O que é um alicerce da democracia é a igualdade de direitos. Porque os deveres do Estado são iguais para todos, temos direitos iguais na nossa relação com o Estado e o Estado democrático não pode discriminar por características como sexo, raça, religião e afins. Por isso não é legitimo o Estado proibir-me de casar com um homem só por eu ser homem. Nem em nome da igualdade de género ou de quotas de representatividade. Se naquelas circunstâncias é permitido a uma mulher casar-se, então também tem de ser permitido a um homem. Mas esse dever de não discriminar pelo sexo é um dever do Estado. Não é dever de cada um de nós, e o homem com quem eu possa querer casar tem o direito de recusar casar-se comigo por eu ser homem, ou por ser branco, ou por ser ateu ou o que for. Nós temos alguns deveres por igual para com todos os outros, como o dever de chamar o 112 se vemos alguém ser atropelado. Mesmo que seja o André Ventura. Mas na vida pessoal esses deveres são excepção e não a regra. Quem tem por regra o dever de não discriminar é o Estado. O cidadão deve ser livre de escolher como se relaciona com os outros e de gostar mais destes que daqueles. Seja por que razão for.

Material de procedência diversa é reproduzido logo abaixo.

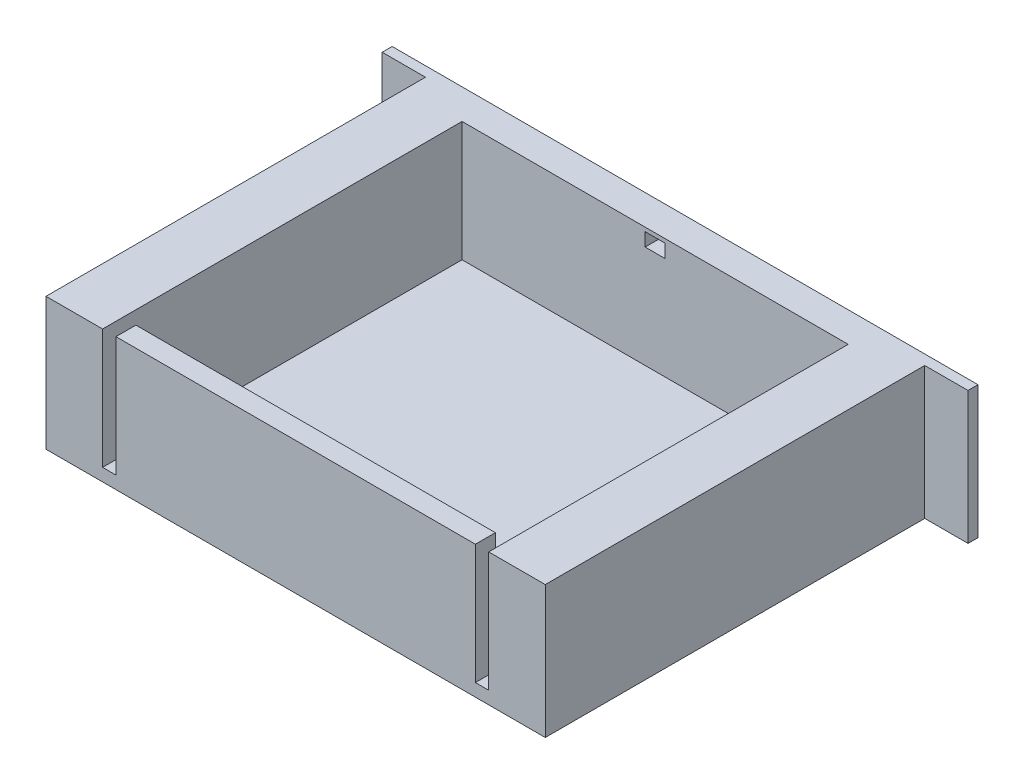
ISO-10303-21;
HEADER;
FILE_DESCRIPTION(('STEP AP214'),'2;1');
FILE_NAME('part.step','',(''),(''),'','','');
FILE_SCHEMA(('AUTOMOTIVE_DESIGN { 1 0 10303 214 1 1 1 1 }'));
ENDSEC;
DATA;
#1=APPLICATION_CONTEXT('core data for automotive mechanical design processes');
#2=APPLICATION_PROTOCOL_DEFINITION('international standard','automotive_design',2000,#1);
#3=PRODUCT_CONTEXT('',#1,'mechanical');
#4=PRODUCT('Part','Part','',(#3));
#5=PRODUCT_RELATED_PRODUCT_CATEGORY('part','',(#4));
#6=PRODUCT_DEFINITION_FORMATION('','',#4);
#7=PRODUCT_DEFINITION_CONTEXT('part definition',#1,'design');
#8=PRODUCT_DEFINITION('design','',#6,#7);
#9=PRODUCT_DEFINITION_SHAPE('','',#8);
#10=(LENGTH_UNIT() NAMED_UNIT(*) SI_UNIT(.MILLI.,.METRE.));
#11=(NAMED_UNIT(*) PLANE_ANGLE_UNIT() SI_UNIT($,.RADIAN.));
#12=(NAMED_UNIT(*) SI_UNIT($,.STERADIAN.) SOLID_ANGLE_UNIT());
#13=UNCERTAINTY_MEASURE_WITH_UNIT(LENGTH_MEASURE(1.E-05),#10,'distance_accuracy_value','');
#14=(GEOMETRIC_REPRESENTATION_CONTEXT(3) GLOBAL_UNCERTAINTY_ASSIGNED_CONTEXT((#13)) GLOBAL_UNIT_ASSIGNED_CONTEXT((#10,
#11,#12)) REPRESENTATION_CONTEXT('',''));
#15=CARTESIAN_POINT('',(0.,0.,0.));
#16=DIRECTION('',(0.,0.,1.));
#17=DIRECTION('',(1.,0.,0.));
#18=AXIS2_PLACEMENT_3D('',#15,#16,#17);
#19=CARTESIAN_POINT('',(-37.5031973116039,3.,-1.49999999999999));
#20=DIRECTION('',(0.,-1.,0.));
#21=DIRECTION('',(1.,0.,0.));
#22=AXIS2_PLACEMENT_3D('',#19,#20,#21);
#23=CYLINDRICAL_SURFACE('',#22,7.5);
#24=CARTESIAN_POINT('',(-37.5031973116039,0.,-1.49999999999999));
#25=DIRECTION('',(0.,-1.,0.));
#26=DIRECTION('',(-1.,0.,0.));
#27=AXIS2_PLACEMENT_3D('',#24,#25,#26);
#28=CIRCLE('',#27,7.5);
#29=CARTESIAN_POINT('',(-45.0031973116039,0.,-1.5));
#30=VERTEX_POINT('',#29);
#31=CARTESIAN_POINT('',(-30.0031973116039,0.,-1.49999999999999));
#32=VERTEX_POINT('',#31);
#33=EDGE_CURVE('E109',#30,#32,#28,.T.);
#34=ORIENTED_EDGE('',*,*,#33,.F.);
#35=DIRECTION('',(0.,-1.,0.));
#36=VECTOR('',#35,1.);
#37=CARTESIAN_POINT('',(-45.0031973116039,2.99999999999999,-1.5));
#38=LINE('',#37,#36);
#39=CARTESIAN_POINT('',(-45.0031973116039,2.99999999999999,-1.5));
#40=VERTEX_POINT('',#39);
#41=EDGE_CURVE('E12',#40,#30,#38,.T.);
#42=ORIENTED_EDGE('',*,*,#41,.F.);
#43=CARTESIAN_POINT('',(-37.5031973116039,3.,-1.49999999999999));
#44=DIRECTION('',(0.,-1.,0.));
#45=DIRECTION('',(-1.,0.,0.));
#46=AXIS2_PLACEMENT_3D('',#43,#44,#45);
#47=CIRCLE('',#46,7.5);
#48=CARTESIAN_POINT('',(-30.0031973116039,3.,-1.49999999999999));
#49=VERTEX_POINT('',#48);
#50=EDGE_CURVE('E103',#40,#49,#47,.T.);
#51=ORIENTED_EDGE('',*,*,#50,.T.);
#52=DIRECTION('',(0.,-1.,0.));
#53=VECTOR('',#52,1.);
#54=CARTESIAN_POINT('',(-30.0031973116039,3.,-1.49999999999999));
#55=LINE('',#54,#53);
#56=EDGE_CURVE('E48',#49,#32,#55,.T.);
#57=ORIENTED_EDGE('',*,*,#56,.T.);
#58=EDGE_LOOP('',(#34,#42,#51,#57));
#59=FACE_BOUND('',#58,.T.);
#60=ADVANCED_FACE('F45',(#59),#23,.T.);
#61=CARTESIAN_POINT('',(-42.5031973116039,2.99999999999999,-1.5));
#62=DIRECTION('',(0.,0.,1.));
#63=DIRECTION('',(1.,0.,0.));
#64=AXIS2_PLACEMENT_3D('',#61,#62,#63);
#65=PLANE('',#64);
#66=DIRECTION('',(-1.,0.,0.));
#67=VECTOR('',#66,1.);
#68=CARTESIAN_POINT('',(-42.5031973116039,0.,-1.5));
#69=LINE('',#68,#67);
#70=CARTESIAN_POINT('',(-42.5031973116039,0.,-1.49999999999999));
#71=VERTEX_POINT('',#70);
#72=EDGE_CURVE('E105',#71,#30,#69,.T.);
#73=ORIENTED_EDGE('',*,*,#72,.F.);
#74=DIRECTION('',(0.,-1.,0.));
#75=VECTOR('',#74,1.);
#76=CARTESIAN_POINT('',(-42.5031973116039,2.99999999999999,-1.49999999999999));
#77=LINE('',#76,#75);
#78=CARTESIAN_POINT('',(-42.5031973116039,2.99999999999999,-1.49999999999999));
#79=VERTEX_POINT('',#78);
#80=EDGE_CURVE('E54',#79,#71,#77,.T.);
#81=ORIENTED_EDGE('',*,*,#80,.F.);
#82=DIRECTION('',(-1.,0.,0.));
#83=VECTOR('',#82,1.);
#84=CARTESIAN_POINT('',(-42.5031973116039,2.99999999999999,-1.5));
#85=LINE('',#84,#83);
#86=EDGE_CURVE('E100',#79,#40,#85,.T.);
#87=ORIENTED_EDGE('',*,*,#86,.T.);
#88=ORIENTED_EDGE('',*,*,#41,.T.);
#89=EDGE_LOOP('',(#73,#81,#87,#88));
#90=FACE_BOUND('',#89,.T.);
#91=ADVANCED_FACE('F119',(#90),#65,.T.);
#92=CARTESIAN_POINT('',(-37.5031973116039,3.,-1.49999999999999));
#93=DIRECTION('',(0.,-1.,0.));
#94=DIRECTION('',(1.,0.,0.));
#95=AXIS2_PLACEMENT_3D('',#92,#93,#94);
#96=CYLINDRICAL_SURFACE('',#95,5.);
#97=CARTESIAN_POINT('',(-37.5031973116039,0.,-1.49999999999999));
#98=DIRECTION('',(0.,1.,0.));
#99=DIRECTION('',(-1.,0.,0.));
#100=AXIS2_PLACEMENT_3D('',#97,#98,#99);
#101=CIRCLE('',#100,5.);
#102=CARTESIAN_POINT('',(-32.5031973116039,0.,-1.49999999999999));
#103=VERTEX_POINT('',#102);
#104=EDGE_CURVE('E95',#103,#71,#101,.T.);
#105=ORIENTED_EDGE('',*,*,#104,.F.);
#106=DIRECTION('',(0.,-1.,0.));
#107=VECTOR('',#106,1.);
#108=CARTESIAN_POINT('',(-32.5031973116039,3.,-1.49999999999999));
#109=LINE('',#108,#107);
#110=CARTESIAN_POINT('',(-32.5031973116039,3.,-1.49999999999999));
#111=VERTEX_POINT('',#110);
#112=EDGE_CURVE('E90',#111,#103,#109,.T.);
#113=ORIENTED_EDGE('',*,*,#112,.F.);
#114=CARTESIAN_POINT('',(-37.5031973116039,3.,-1.49999999999999));
#115=DIRECTION('',(0.,1.,0.));
#116=DIRECTION('',(-1.,0.,0.));
#117=AXIS2_PLACEMENT_3D('',#114,#115,#116);
#118=CIRCLE('',#117,5.);
#119=EDGE_CURVE('E93',#111,#79,#118,.T.);
#120=ORIENTED_EDGE('',*,*,#119,.T.);
#121=ORIENTED_EDGE('',*,*,#80,.T.);
#122=EDGE_LOOP('',(#105,#113,#120,#121));
#123=FACE_BOUND('',#122,.T.);
#124=ADVANCED_FACE('F92',(#123),#96,.F.);
#125=CARTESIAN_POINT('',(-30.0031973116039,3.,-1.49999999999999));
#126=DIRECTION('',(0.,0.,1.));
#127=DIRECTION('',(1.,0.,0.));
#128=AXIS2_PLACEMENT_3D('',#125,#126,#127);
#129=PLANE('',#128);
#130=DIRECTION('',(-1.,0.,0.));
#131=VECTOR('',#130,1.);
#132=CARTESIAN_POINT('',(-30.0031973116039,0.,-1.49999999999999));
#133=LINE('',#132,#131);
#134=EDGE_CURVE('E112',#32,#103,#133,.T.);
#135=ORIENTED_EDGE('',*,*,#134,.F.);
#136=ORIENTED_EDGE('',*,*,#56,.F.);
#137=DIRECTION('',(-1.,0.,0.));
#138=VECTOR('',#137,1.);
#139=CARTESIAN_POINT('',(-30.0031973116039,3.,-1.49999999999999));
#140=LINE('',#139,#138);
#141=EDGE_CURVE('E99',#49,#111,#140,.T.);
#142=ORIENTED_EDGE('',*,*,#141,.T.);
#143=ORIENTED_EDGE('',*,*,#112,.T.);
#144=EDGE_LOOP('',(#135,#136,#142,#143));
#145=FACE_BOUND('',#144,.T.);
#146=ADVANCED_FACE('F102',(#145),#129,.T.);
#147=CARTESIAN_POINT('',(-37.5031973116039,3.,-1.49999999999999));
#148=DIRECTION('',(0.,1.,0.));
#149=DIRECTION('',(-1.,0.,0.));
#150=AXIS2_PLACEMENT_3D('',#147,#148,#149);
#151=PLANE('',#150);
#152=ORIENTED_EDGE('',*,*,#50,.F.);
#153=ORIENTED_EDGE('',*,*,#86,.F.);
#154=ORIENTED_EDGE('',*,*,#119,.F.);
#155=ORIENTED_EDGE('',*,*,#141,.F.);
#156=EDGE_LOOP('',(#152,#153,#154,#155));
#157=FACE_BOUND('',#156,.T.);
#158=ADVANCED_FACE('F98',(#157),#151,.T.);
#159=CARTESIAN_POINT('',(-37.5031973116039,0.,-1.49999999999999));
#160=DIRECTION('',(0.,1.,0.));
#161=DIRECTION('',(-1.,0.,0.));
#162=AXIS2_PLACEMENT_3D('',#159,#160,#161);
#163=PLANE('',#162);
#164=ORIENTED_EDGE('',*,*,#33,.T.);
#165=ORIENTED_EDGE('',*,*,#134,.T.);
#166=ORIENTED_EDGE('',*,*,#104,.T.);
#167=ORIENTED_EDGE('',*,*,#72,.T.);
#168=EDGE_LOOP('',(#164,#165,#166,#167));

Isto não é apenas para implicar por terem escrito «direito à igualdade» em vez de igualdade de direitos. É um problema fundamental na proposta porque ignora que o dever do Estado não discriminar entre cidadãos refere-se a direitos e à igualdade perante a lei e não se restringe a aspectos como sexo ou raça. Como se pode ler no artigo 13º da Constituição:
«1. Todos os cidadãos têm a mesma dignidade social e são iguais perante a lei.
2. Ninguém pode ser privilegiado, beneficiado, prejudicado, privado de qualquer direito ou isento de qualquer dever em razão de ascendência, sexo, raça, língua, território de origem, religião, convicções políticas ou ideológicas, instrução, situação económica, condição social ou orientação sexual.»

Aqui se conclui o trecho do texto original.